- [What to work on]:
Please take the lines from the one holding "#58=DIRECTION('',(0.707106781186546,0.,-0.707106781186549));" through the one holding "#77=LINE('',#76,#75);" in the data below and copy them exactly.

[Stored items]
+ + + + +
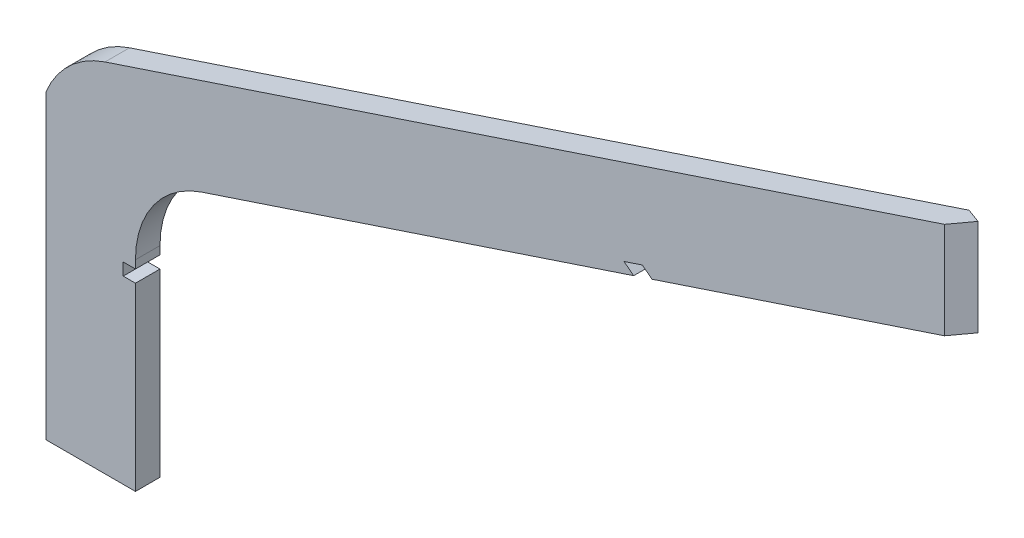
ISO-10303-21;
HEADER;
FILE_DESCRIPTION(('STEP AP214'),'2;1');
FILE_NAME('part.step','',(''),(''),'','','');
FILE_SCHEMA(('AUTOMOTIVE_DESIGN { 1 0 10303 214 1 1 1 1 }'));
ENDSEC;
DATA;
#1=APPLICATION_CONTEXT('core data for automotive mechanical design processes');
#2=APPLICATION_PROTOCOL_DEFINITION('international standard','automotive_design',2000,#1);
#3=PRODUCT_CONTEXT('',#1,'mechanical');
#4=PRODUCT('Part','Part','',(#3));
#5=PRODUCT_RELATED_PRODUCT_CATEGORY('part','',(#4));
#6=PRODUCT_DEFINITION_FORMATION('','',#4);
#7=PRODUCT_DEFINITION_CONTEXT('part definition',#1,'design');
#8=PRODUCT_DEFINITION('design','',#6,#7);
#9=PRODUCT_DEFINITION_SHAPE('','',#8);
#10=(LENGTH_UNIT() NAMED_UNIT(*) SI_UNIT(.MILLI.,.METRE.));
#11=(NAMED_UNIT(*) PLANE_ANGLE_UNIT() SI_UNIT($,.RADIAN.));
#12=(NAMED_UNIT(*) SI_UNIT($,.STERADIAN.) SOLID_ANGLE_UNIT());
#13=UNCERTAINTY_MEASURE_WITH_UNIT(LENGTH_MEASURE(1.E-05),#10,'distance_accuracy_value','');
#14=(GEOMETRIC_REPRESENTATION_CONTEXT(3) GLOBAL_UNCERTAINTY_ASSIGNED_CONTEXT((#13)) GLOBAL_UNIT_ASSIGNED_CONTEXT((#10,
#11,#12)) REPRESENTATION_CONTEXT('',''));
#15=CARTESIAN_POINT('',(0.,0.,0.));
#16=DIRECTION('',(0.,0.,1.));
#17=DIRECTION('',(1.,0.,0.));
#18=AXIS2_PLACEMENT_3D('',#15,#16,#17);
#19=CARTESIAN_POINT('',(-95.4802918979404,-80.7063865749167,-3.175));
#20=DIRECTION('',(-1.,0.,0.));
#21=DIRECTION('',(0.,0.,1.));
#22=AXIS2_PLACEMENT_3D('',#19,#20,#21);
#23=PLANE('',#22);
#24=DIRECTION('',(0.,1.,0.));
#25=VECTOR('',#24,1.);
#26=CARTESIAN_POINT('',(-95.4802918979404,-132.672742165113,-3.175));
#27=LINE('',#26,#25);
#28=CARTESIAN_POINT('',(-95.4802918979404,-132.672742165113,-3.175));
#29=VERTEX_POINT('',#28);
#30=CARTESIAN_POINT('',(-95.4802918979404,-85.9664921651128,-3.175));
#31=VERTEX_POINT('',#30);
#32=EDGE_CURVE('E285',#29,#31,#27,.T.);
#33=ORIENTED_EDGE('',*,*,#32,.T.);
#34=DIRECTION('',(0.,0.,1.));
#35=VECTOR('',#34,1.);
#36=CARTESIAN_POINT('',(-95.4802918979404,-85.9664921651128,-7.66512806053455));
#37=LINE('',#36,#35);
#38=CARTESIAN_POINT('',(-95.4802918979404,-85.9664921651128,3.175));
#39=VERTEX_POINT('',#38);
#40=EDGE_CURVE('E174',#31,#39,#37,.T.);
#41=ORIENTED_EDGE('',*,*,#40,.T.);
#42=DIRECTION('',(0.,1.,0.));
#43=VECTOR('',#42,1.);
#44=CARTESIAN_POINT('',(-95.4802918979404,-132.672742165113,3.175));
#45=LINE('',#44,#43);
#46=CARTESIAN_POINT('',(-95.4802918979404,-132.672742165113,3.175));
#47=VERTEX_POINT('',#46);
#48=EDGE_CURVE('E267',#47,#39,#45,.T.);
#49=ORIENTED_EDGE('',*,*,#48,.F.);
#50=DIRECTION('',(0.,0.,1.));
#51=VECTOR('',#50,1.);
#52=CARTESIAN_POINT('',(-95.4802918979404,-132.672742165113,-3.175));
#53=LINE('',#52,#51);
#54=EDGE_CURVE('E296',#29,#47,#53,.T.);
#55=ORIENTED_EDGE('',*,*,#54,.F.);
#56=EDGE_LOOP('',(#33,#41,#49,#55));
#57=FACE_BOUND('',#56,.T.);
#58=ADVANCED_FACE('F42',(#57),#23,.F.);
#59=CARTESIAN_POINT('',(-95.4802918979404,-64.0182857808747,-3.175));
#60=DIRECTION('',(0.,0.,-1.));
#61=DIRECTION('',(-1.,0.,0.));
#62=AXIS2_PLACEMENT_3D('',#59,#60,#61);
#63=PLANE('',#62);
#64=DIRECTION('',(1.,0.,0.));
#65=VECTOR('',#64,1.);
#66=CARTESIAN_POINT('',(-95.4802918979404,-85.9664921651128,-3.175));
#67=LINE('',#66,#65);
#68=CARTESIAN_POINT('',(-98.6552918979404,-85.9664921651128,-3.175));
#69=VERTEX_POINT('',#68);
#70=EDGE_CURVE('E168',#69,#31,#67,.T.);
#71=ORIENTED_EDGE('',*,*,#70,.T.);
#72=ORIENTED_EDGE('',*,*,#32,.F.);
#73=DIRECTION('',(1.,0.,0.));
#74=VECTOR('',#73,1.);
#75=CARTESIAN_POINT('',(-120.48029189794,-132.672742165113,-3.175));
#76=LINE('',#75,#74);
#77=CARTESIAN_POINT('',(-118.647204793263,-132.672742165113,-3.175));
#78=VERTEX_POINT('',#77);
#79=EDGE_CURVE('E282',#78,#29,#76,.T.);
#80=ORIENTED_EDGE('',*,*,#79,.F.);
#81=DIRECTION('',(0.,-1.,0.));
#82=VECTOR('',#81,1.);
#83=CARTESIAN_POINT('',(-118.647204793263,33.8095910061271,-3.175));
#84=LINE('',#83,#82);
#85=CARTESIAN_POINT('',(-118.647204793263,-54.6217892582063,-3.175));
#86=VERTEX_POINT('',#85);
#87=EDGE_CURVE('E243',#86,#78,#84,.T.);
#88=ORIENTED_EDGE('',*,*,#87,.F.);
#89=CARTESIAN_POINT('',(-95.4802918979404,-64.0182857808747,-3.175));
#90=DIRECTION('',(0.,0.,-1.));
#91=DIRECTION('',(-1.,0.,0.));
#92=AXIS2_PLACEMENT_3D('',#89,#90,#91);
#93=CIRCLE('',#92,25.);
#94=CARTESIAN_POINT('',(-103.367678211906,-40.2951085667184,-3.175));
#95=VERTEX_POINT('',#94);
#96=EDGE_CURVE('E279',#86,#95,#93,.T.);
#97=ORIENTED_EDGE('',*,*,#96,.T.);
#98=DIRECTION('',(-0.94892708856625,-0.315495452558639,0.));
#99=VECTOR('',#98,1.);
#100=CARTESIAN_POINT('',(119.51970810206,33.8095910061271,-3.175));
#101=LINE('',#100,#99);
#102=CARTESIAN_POINT('',(114.020446788028,31.981218776149,-3.175));
#103=VERTEX_POINT('',#102);
#104=EDGE_CURVE('E277',#103,#95,#101,.T.);
#105=ORIENTED_EDGE('',*,*,#104,.F.);
#106=DIRECTION('',(0.,-1.,0.));
#107=VECTOR('',#106,1.);
#108=CARTESIAN_POINT('',(114.020446788028,33.8095910061271,-3.175));
#109=LINE('',#108,#107);
#110=CARTESIAN_POINT('',(114.020446788028,6.98121877614899,-3.17500000000002));
#111=VERTEX_POINT('',#110);
#112=EDGE_CURVE('E213',#103,#111,#109,.T.);
#113=ORIENTED_EDGE('',*,*,#112,.T.);
#114=DIRECTION('',(0.94892708856625,0.315495452558639,0.));
#115=VECTOR('',#114,1.);
#116=CARTESIAN_POINT('',(-78.3676782119062,-56.9832093607602,-3.175));
#117=LINE('',#116,#115);
#118=CARTESIAN_POINT('',(38.2910947397079,-18.196970870177,-3.175));
#119=VERTEX_POINT('',#118);
#120=EDGE_CURVE('E273',#119,#111,#117,.T.);
#121=ORIENTED_EDGE('',*,*,#120,.F.);
#122=DIRECTION('',(0.794130517429638,-0.607747251155393,0.));
#123=VECTOR('',#122,1.);
#124=CARTESIAN_POINT('',(35.7697303468695,-16.2673733477591,-3.175));
#125=LINE('',#124,#123);
#126=CARTESIAN_POINT('',(35.7697303468695,-16.2673733477591,-3.175));
#127=VERTEX_POINT('',#126);
#128=EDGE_CURVE('E217',#127,#119,#125,.T.);
#129=ORIENTED_EDGE('',*,*,#128,.F.);
#130=DIRECTION('',(0.948927088566251,0.315495452558637,0.));
#131=VECTOR('',#130,1.);
#132=CARTESIAN_POINT('',(31.0250949040383,-17.8448506105523,-3.175));
#133=LINE('',#132,#131);
#134=CARTESIAN_POINT('',(31.0250949040383,-17.8448506105523,-3.175));
#135=VERTEX_POINT('',#134);
#136=EDGE_CURVE('E215',#135,#127,#133,.T.);
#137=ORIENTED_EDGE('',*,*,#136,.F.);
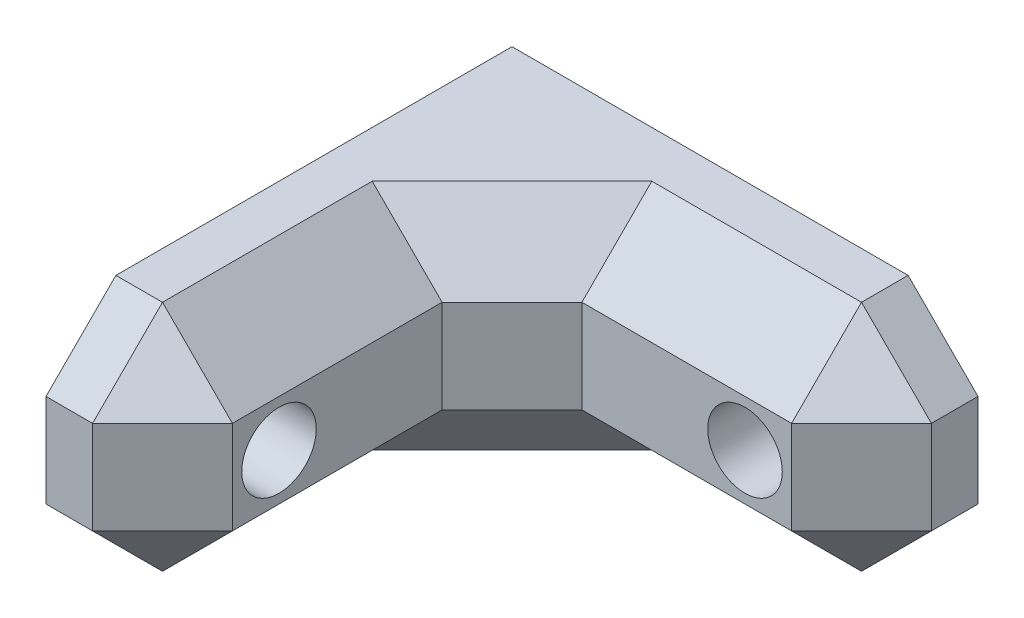
ISO-10303-21;
HEADER;
FILE_DESCRIPTION(('STEP AP214'),'2;1');
FILE_NAME('part.step','',(''),(''),'','','');
FILE_SCHEMA(('AUTOMOTIVE_DESIGN { 1 0 10303 214 1 1 1 1 }'));
ENDSEC;
DATA;
#1=APPLICATION_CONTEXT('core data for automotive mechanical design processes');
#2=APPLICATION_PROTOCOL_DEFINITION('international standard','automotive_design',2000,#1);
#3=PRODUCT_CONTEXT('',#1,'mechanical');
#4=PRODUCT('Part','Part','',(#3));
#5=PRODUCT_RELATED_PRODUCT_CATEGORY('part','',(#4));
#6=PRODUCT_DEFINITION_FORMATION('','',#4);
#7=PRODUCT_DEFINITION_CONTEXT('part definition',#1,'design');
#8=PRODUCT_DEFINITION('design','',#6,#7);
#9=PRODUCT_DEFINITION_SHAPE('','',#8);
#10=(LENGTH_UNIT() NAMED_UNIT(*) SI_UNIT(.MILLI.,.METRE.));
#11=(NAMED_UNIT(*) PLANE_ANGLE_UNIT() SI_UNIT($,.RADIAN.));
#12=(NAMED_UNIT(*) SI_UNIT($,.STERADIAN.) SOLID_ANGLE_UNIT());
#13=UNCERTAINTY_MEASURE_WITH_UNIT(LENGTH_MEASURE(1.E-05),#10,'distance_accuracy_value','');
#14=(GEOMETRIC_REPRESENTATION_CONTEXT(3) GLOBAL_UNCERTAINTY_ASSIGNED_CONTEXT((#13)) GLOBAL_UNIT_ASSIGNED_CONTEXT((#10,
#11,#12)) REPRESENTATION_CONTEXT('',''));
#15=CARTESIAN_POINT('',(0.,0.,0.));
#16=DIRECTION('',(0.,0.,1.));
#17=DIRECTION('',(1.,0.,0.));
#18=AXIS2_PLACEMENT_3D('',#15,#16,#17);
#19=CARTESIAN_POINT('',(0.,0.,5.));
#20=DIRECTION('',(0.,1.,0.));
#21=DIRECTION('',(0.,0.,1.));
#22=AXIS2_PLACEMENT_3D('',#19,#20,#21);
#23=PLANE('',#22);
#24=DIRECTION('',(1.,0.,0.));
#25=VECTOR('',#24,1.);
#26=CARTESIAN_POINT('',(0.,0.,0.));
#27=LINE('',#26,#25);
#28=CARTESIAN_POINT('',(0.,0.,0.));
#29=VERTEX_POINT('',#28);
#30=CARTESIAN_POINT('',(17.,0.,0.));
#31=VERTEX_POINT('',#30);
#32=EDGE_CURVE('E174',#29,#31,#27,.T.);
#33=ORIENTED_EDGE('',*,*,#32,.T.);
#34=DIRECTION('',(0.,0.,1.));
#35=VECTOR('',#34,1.);
#36=CARTESIAN_POINT('',(17.,0.,5.));
#37=LINE('',#36,#35);
#38=CARTESIAN_POINT('',(17.,0.,1.99999999999999));
#39=VERTEX_POINT('',#38);
#40=EDGE_CURVE('E253',#31,#39,#37,.T.);
#41=ORIENTED_EDGE('',*,*,#40,.T.);
#42=DIRECTION('',(-1.,0.,0.));
#43=VECTOR('',#42,1.);
#44=CARTESIAN_POINT('',(5.,0.,1.99999999999999));
#45=LINE('',#44,#43);
#46=CARTESIAN_POINT('',(8.,0.,1.99999999999999));
#47=VERTEX_POINT('',#46);
#48=EDGE_CURVE('E245',#39,#47,#45,.T.);
#49=ORIENTED_EDGE('',*,*,#48,.T.);
#50=DIRECTION('',(0.707106781186546,0.,-0.707106781186549));
#51=VECTOR('',#50,1.);
#52=CARTESIAN_POINT('',(8.,0.,1.99999999999999));
#53=LINE('',#52,#51);
#54=CARTESIAN_POINT('',(5.,0.,5.));
#55=VERTEX_POINT('',#54);
#56=EDGE_CURVE('E237',#55,#47,#53,.T.);
#57=ORIENTED_EDGE('',*,*,#56,.F.);
#58=DIRECTION('',(0.707106781186546,0.,-0.707106781186549));
#59=VECTOR('',#58,1.);
#60=CARTESIAN_POINT('',(8.,0.,1.99999999999999));
#61=LINE('',#60,#59);
#62=CARTESIAN_POINT('',(1.99999999999999,0.,8.00000000000001));
#63=VERTEX_POINT('',#62);
#64=EDGE_CURVE('E240',#63,#55,#61,.T.);
#65=ORIENTED_EDGE('',*,*,#64,.F.);
#66=DIRECTION('',(0.,0.,1.));
#67=VECTOR('',#66,1.);
#68=CARTESIAN_POINT('',(1.99999999999999,0.,20.));
#69=LINE('',#68,#67);
#70=CARTESIAN_POINT('',(1.99999999999999,0.,17.));
#71=VERTEX_POINT('',#70);
#72=EDGE_CURVE('E249',#63,#71,#69,.T.);
#73=ORIENTED_EDGE('',*,*,#72,.T.);
#74=DIRECTION('',(-1.,0.,0.));
#75=VECTOR('',#74,1.);
#76=CARTESIAN_POINT('',(0.,0.,17.));
#77=LINE('',#76,#75);
#78=CARTESIAN_POINT('',(0.,0.,17.));
#79=VERTEX_POINT('',#78);
#80=EDGE_CURVE('E251',#71,#79,#77,.T.);
#81=ORIENTED_EDGE('',*,*,#80,.T.);
#82=DIRECTION('',(0.,0.,-1.));
#83=VECTOR('',#82,1.);
#84=CARTESIAN_POINT('',(0.,0.,20.));
#85=LINE('',#84,#83);
#86=EDGE_CURVE('E159',#79,#29,#85,.T.);
#87=ORIENTED_EDGE('',*,*,#86,.T.);
#88=EDGE_LOOP('',(#33,#41,#49,#57,#65,#73,#81,#87));
#89=FACE_BOUND('',#88,.T.);
#90=ADVANCED_FACE('F35',(#89),#23,.F.);
#91=CARTESIAN_POINT('',(20.,0.,5.));
#92=DIRECTION('',(-1.,0.,0.));
#93=DIRECTION('',(0.,0.,1.));
#94=AXIS2_PLACEMENT_3D('',#91,#92,#93);
#95=PLANE('',#94);
#96=DIRECTION('',(0.,1.,0.));
#97=VECTOR('',#96,1.);
#98=CARTESIAN_POINT('',(20.,0.,0.));
#99=LINE('',#98,#97);
#100=CARTESIAN_POINT('',(20.,3.00000000000001,0.));
#101=VERTEX_POINT('',#100);
#102=CARTESIAN_POINT('',(20.,6.99999999999999,0.));
#103=VERTEX_POINT('',#102);
#104=EDGE_CURVE('E169',#101,#103,#99,.T.);
#105=ORIENTED_EDGE('',*,*,#104,.T.);
#106=DIRECTION('',(0.,0.,1.));
#107=VECTOR('',#106,1.);
#108=CARTESIAN_POINT('',(20.,6.99999999999999,5.));
#109=LINE('',#108,#107);
#110=CARTESIAN_POINT('',(20.,6.99999999999999,1.99999999999999));
#111=VERTEX_POINT('',#110);
#112=EDGE_CURVE('E235',#103,#111,#109,.T.);
#113=ORIENTED_EDGE('',*,*,#112,.T.);
#114=DIRECTION('',(0.,-1.,0.));
#115=VECTOR('',#114,1.);
#116=CARTESIAN_POINT('',(20.,0.,1.99999999999999));
#117=LINE('',#116,#115);
#118=CARTESIAN_POINT('',(20.,3.00000000000001,1.99999999999999));
#119=VERTEX_POINT('',#118);
#120=EDGE_CURVE('E231',#111,#119,#117,.T.);
#121=ORIENTED_EDGE('',*,*,#120,.T.);
#122=DIRECTION('',(0.,0.,-1.));
#123=VECTOR('',#122,1.);
#124=CARTESIAN_POINT('',(20.,3.00000000000001,5.));
#125=LINE('',#124,#123);
#126=EDGE_CURVE('E233',#119,#101,#125,.T.);
#127=ORIENTED_EDGE('',*,*,#126,.T.);
#128=EDGE_LOOP('',(#105,#113,#121,#127));
#129=FACE_BOUND('',#128,.T.);
#130=ADVANCED_FACE('F333',(#129),#95,.F.);
#131=CARTESIAN_POINT('',(0.,10.,5.));
#132=DIRECTION('',(0.,1.,0.));
#133=DIRECTION('',(0.,0.,1.));
#134=AXIS2_PLACEMENT_3D('',#131,#132,#133);
#135=PLANE('',#134);
#136=DIRECTION('',(0.,0.,-1.));
#137=VECTOR('',#136,1.);
#138=CARTESIAN_POINT('',(0.,10.,20.));
#139=LINE('',#138,#137);
#140=CARTESIAN_POINT('',(0.,10.,17.));
#141=VERTEX_POINT('',#140);
#142=CARTESIAN_POINT('',(0.,10.,0.));
#143=VERTEX_POINT('',#142);
#144=EDGE_CURVE('E148',#141,#143,#139,.T.);
#145=ORIENTED_EDGE('',*,*,#144,.F.);
#146=DIRECTION('',(1.,0.,0.));
#147=VECTOR('',#146,1.);
#148=CARTESIAN_POINT('',(0.,10.,17.));
#149=LINE('',#148,#147);
#150=CARTESIAN_POINT('',(2.,10.,17.));
#151=VERTEX_POINT('',#150);
#152=EDGE_CURVE('E225',#141,#151,#149,.T.);
#153=ORIENTED_EDGE('',*,*,#152,.T.);
#154=DIRECTION('',(0.,0.,-1.));
#155=VECTOR('',#154,1.);
#156=CARTESIAN_POINT('',(2.,10.,5.));
#157=LINE('',#156,#155);
#158=CARTESIAN_POINT('',(2.,10.,8.00000000000001));
#159=VERTEX_POINT('',#158);
#160=EDGE_CURVE('E221',#151,#159,#157,.T.);
#161=ORIENTED_EDGE('',*,*,#160,.T.);
#162=DIRECTION('',(-0.707106781186546,0.,0.707106781186549));
#163=VECTOR('',#162,1.);
#164=CARTESIAN_POINT('',(2.50000000000001,10.,7.5));
#165=LINE('',#164,#163);
#166=CARTESIAN_POINT('',(5.,10.,5.));
#167=VERTEX_POINT('',#166);
#168=EDGE_CURVE('E218',#167,#159,#165,.T.);
#169=ORIENTED_EDGE('',*,*,#168,.F.);
#170=DIRECTION('',(-0.707106781186546,0.,0.707106781186549));
#171=VECTOR('',#170,1.);
#172=CARTESIAN_POINT('',(2.50000000000001,10.,7.5));
#173=LINE('',#172,#171);
#174=CARTESIAN_POINT('',(8.,10.,1.99999999999999));
#175=VERTEX_POINT('',#174);
#176=EDGE_CURVE('E212',#175,#167,#173,.T.);
#177=ORIENTED_EDGE('',*,*,#176,.F.);
#178=DIRECTION('',(1.,0.,0.));
#179=VECTOR('',#178,1.);
#180=CARTESIAN_POINT('',(0.,10.,1.99999999999999));
#181=LINE('',#180,#179);
#182=CARTESIAN_POINT('',(17.,10.,1.99999999999999));
#183=VERTEX_POINT('',#182);
#184=EDGE_CURVE('E210',#175,#183,#181,.T.);
#185=ORIENTED_EDGE('',*,*,#184,.T.);
#186=DIRECTION('',(0.,0.,-1.));
#187=VECTOR('',#186,1.);
#188=CARTESIAN_POINT('',(17.,10.,0.));
#189=LINE('',#188,#187);
#190=CARTESIAN_POINT('',(17.,10.,0.));
#191=VERTEX_POINT('',#190);
#192=EDGE_CURVE('E166',#183,#191,#189,.T.);
#193=ORIENTED_EDGE('',*,*,#192,.T.);
#194=DIRECTION('',(1.,0.,0.));
#195=VECTOR('',#194,1.);
#196=CARTESIAN_POINT('',(0.,10.,0.));
#197=LINE('',#196,#195);
#198=EDGE_CURVE('E163',#143,#191,#197,.T.);
#199=ORIENTED_EDGE('',*,*,#198,.F.);
#200=EDGE_LOOP('',(#145,#153,#161,#169,#177,#185,#193,#199));
#201=FACE_BOUND('',#200,.T.);
#202=ADVANCED_FACE('F164',(#201),#135,.T.);
#203=CARTESIAN_POINT('',(15.,5.,5.));
#204=DIRECTION('',(0.,0.,-1.));
#205=DIRECTION('',(-1.,0.,0.));
#206=AXIS2_PLACEMENT_3D('',#203,#204,#205);
#207=CYLINDRICAL_SURFACE('',#206,1.6);
#208=CARTESIAN_POINT('',(15.,5.,5.));
#209=DIRECTION('',(0.,0.,1.));
#210=DIRECTION('',(1.,0.,0.));
#211=AXIS2_PLACEMENT_3D('',#208,#209,#210);
#212=CIRCLE('',#211,1.6);
#213=CARTESIAN_POINT('',(16.6,5.,5.));
#214=VERTEX_POINT('',#213);
#215=EDGE_CURVE('E168',#214,#214,#212,.T.);
#216=ORIENTED_EDGE('',*,*,#215,.T.);
#217=EDGE_LOOP('',(#216));
#218=FACE_BOUND('',#217,.T.);
#219=CARTESIAN_POINT('',(15.,5.,0.));
#220=DIRECTION('',(0.,0.,1.));
#221=DIRECTION('',(1.,0.,0.));
#222=AXIS2_PLACEMENT_3D('',#219,#220,#221);
#223=CIRCLE('',#222,1.6);
#224=CARTESIAN_POINT('',(16.6,5.,0.));
#225=VERTEX_POINT('',#224);
#226=EDGE_CURVE('E158',#225,#225,#223,.T.);
#227=ORIENTED_EDGE('',*,*,#226,.F.);
#228=EDGE_LOOP('',(#227));
#229=FACE_BOUND('',#228,.T.);
#230=ADVANCED_FACE('F343',(#218,#229),#207,.F.);
#231=CARTESIAN_POINT('',(0.,0.,5.));
#232=DIRECTION('',(0.,0.,1.));
#233=DIRECTION('',(1.,0.,0.));
#234=AXIS2_PLACEMENT_3D('',#231,#232,#233);
#235=PLANE('',#234);
#236=DIRECTION('',(-1.,0.,0.));
#237=VECTOR('',#236,1.);
#238=CARTESIAN_POINT('',(0.,7.00000000000001,5.));
#239=LINE('',#238,#237);
#240=CARTESIAN_POINT('',(17.,7.00000000000001,5.));
#241=VERTEX_POINT('',#240);
#242=CARTESIAN_POINT('',(8.,7.00000000000001,5.));
#243=VERTEX_POINT('',#242);
#244=EDGE_CURVE('E196',#241,#243,#239,.T.);
#245=ORIENTED_EDGE('',*,*,#244,.T.);
#246=DIRECTION('',(0.,-1.,0.));
#247=VECTOR('',#246,1.);
#248=CARTESIAN_POINT('',(8.,0.,5.));
#249=LINE('',#248,#247);
#250=CARTESIAN_POINT('',(8.,3.,5.));
#251=VERTEX_POINT('',#250);
#252=EDGE_CURVE('E198',#243,#251,#249,.T.);
#253=ORIENTED_EDGE('',*,*,#252,.T.);
#254=DIRECTION('',(1.,0.,0.));
#255=VECTOR('',#254,1.);
#256=CARTESIAN_POINT('',(20.,3.,5.));
#257=LINE('',#256,#255);
#258=CARTESIAN_POINT('',(17.,3.,5.));
#259=VERTEX_POINT('',#258);
#260=EDGE_CURVE('E194',#251,#259,#257,.T.);
#261=ORIENTED_EDGE('',*,*,#260,.T.);
#262=DIRECTION('',(0.,1.,0.));
#263=VECTOR('',#262,1.);
#264=CARTESIAN_POINT('',(17.,10.,5.));
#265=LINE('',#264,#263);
+ + + + +
- [Reply to the exercise]:
#58=DIRECTION('',(0.707106781186546,0.,-0.707106781186549));
#59=VECTOR('',#58,1.);
#60=CARTESIAN_POINT('',(8.,0.,1.99999999999999));
#61=LINE('',#60,#59);
#62=CARTESIAN_POINT('',(1.99999999999999,0.,8.00000000000001));
#63=VERTEX_POINT('',#62);
#64=EDGE_CURVE('E240',#63,#55,#61,.T.);
#65=ORIENTED_EDGE('',*,*,#64,.F.);
#66=DIRECTION('',(0.,0.,1.));
#67=VECTOR('',#66,1.);
#68=CARTESIAN_POINT('',(1.99999999999999,0.,20.));
#69=LINE('',#68,#67);
#70=CARTESIAN_POINT('',(1.99999999999999,0.,17.));
#71=VERTEX_POINT('',#70);
#72=EDGE_CURVE('E249',#63,#71,#69,.T.);
#73=ORIENTED_EDGE('',*,*,#72,.T.);
#74=DIRECTION('',(-1.,0.,0.));
#75=VECTOR('',#74,1.);
#76=CARTESIAN_POINT('',(0.,0.,17.));
#77=LINE('',#76,#75);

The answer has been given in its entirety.